ABSTRACT:

The tender pod is the primary edible part of the snap bean (Phaseolus vulgaris L.), and the level of suture fiber content is one of the key factors affecting its edible quality. To elucidate the key regulatory mechanisms and metabolic basis underlying suture fiber formation in pods, this study employed the high-suture-fiber-content bean cultivar ‘P1171’ and the low-suture-fiber-content cultivar ‘P16192’. We conducted cytological observations, fiber content measurements, transcriptomic, and metabolomic analyses. Results indicate that increased pod suture fiber content in snap beans results from phloem fiber proliferation, and that crude fiber content is significantly correlated with cellulose content within the fiber fraction. Transcriptome and metabolome analyses indicated that starch and sucrose metabolism pathways, as well as secondary metabolite biosynthesis pathways, are closely linked to cellulose synthesis.

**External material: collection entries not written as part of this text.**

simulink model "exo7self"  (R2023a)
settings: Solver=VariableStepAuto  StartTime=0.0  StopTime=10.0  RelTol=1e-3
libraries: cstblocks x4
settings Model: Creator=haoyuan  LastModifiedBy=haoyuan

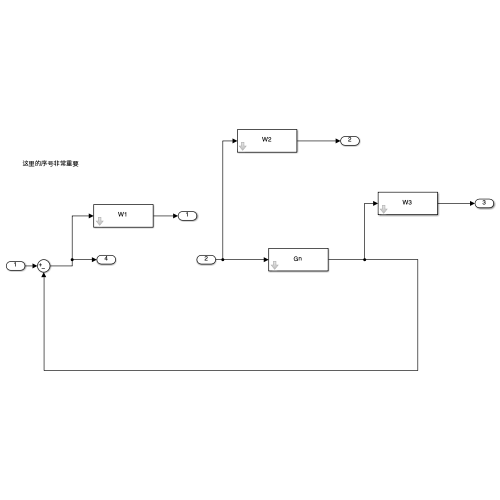
[thumbnail: Simulink's stored preview of the top-level diagram]
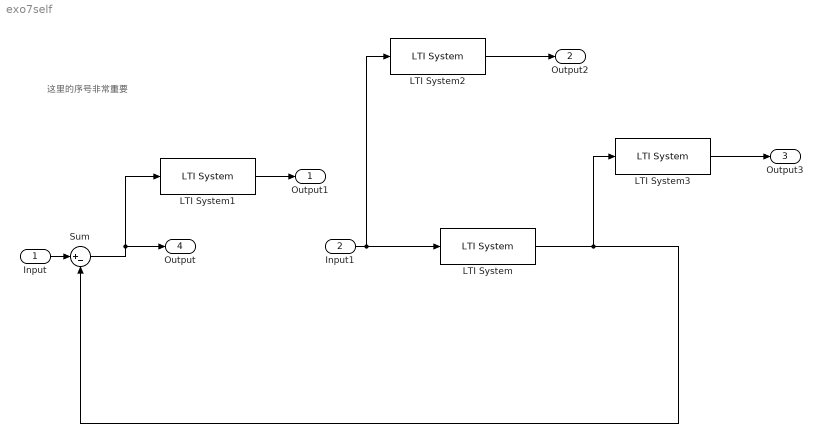
== system exo7self ==
  note: 这里的序号非常重要
  Input : Inport
  Input1 : Inport  Port=2
  LTI System : cstblocks/LTI System  sys=Gn  IC=[]
  LTI System1 : cstblocks/LTI System  sys=W1  IC=[]
  LTI System2 : cstblocks/LTI System  sys=W2  IC=[]
  LTI System3 : cstblocks/LTI System  sys=W3  IC=[]
  Sum : Sum  Inputs=|+-
  Output1 : Outport
  Output2 : Outport  Port=2
  Output3 : Outport  Port=3
  Output : Outport  Port=4
  wires:
  Input/1 -> Sum/1
  Sum/1 -> LTI System1/1, Output/1
  LTI System1/1 -> Output1/1
  LTI System/1 -> LTI System3/1, Sum/2
  Input1/1 -> LTI System/1, LTI System2/1
  LTI System2/1 -> Output2/1
  LTI System3/1 -> Output3/1

Metabolites in these pathways—UDP-glucose, ethylene (ETH), jasmonic acid (JA), and flavonoids—showed significant correlations with the differentially expressed genes Phvul. 005G082800, Phvul. 003G268600, Phvul. 006G031700, Phvul. 008G213800, Phvul. 011G189200, Phvul. 011G189300, and Phvul. 001G083000. We therefore hypothesize that variations in the expression levels of these genes across different cultivars may lead to changes in related metabolites, ultimately resulting in differences in fiber synthesis. This study systematically investigated the molecular mechanisms underlying fiber synthesis in the suture tissue of snap beans through integrated transcriptomic and metabolomic analyses. This work lays a foundation for further exploration of the regulatory networks governing cellulose-related synthesis genes in plant fiber formation, offering potential avenues to improve crop quality, enhance snap bean traits, and advance breeding programs.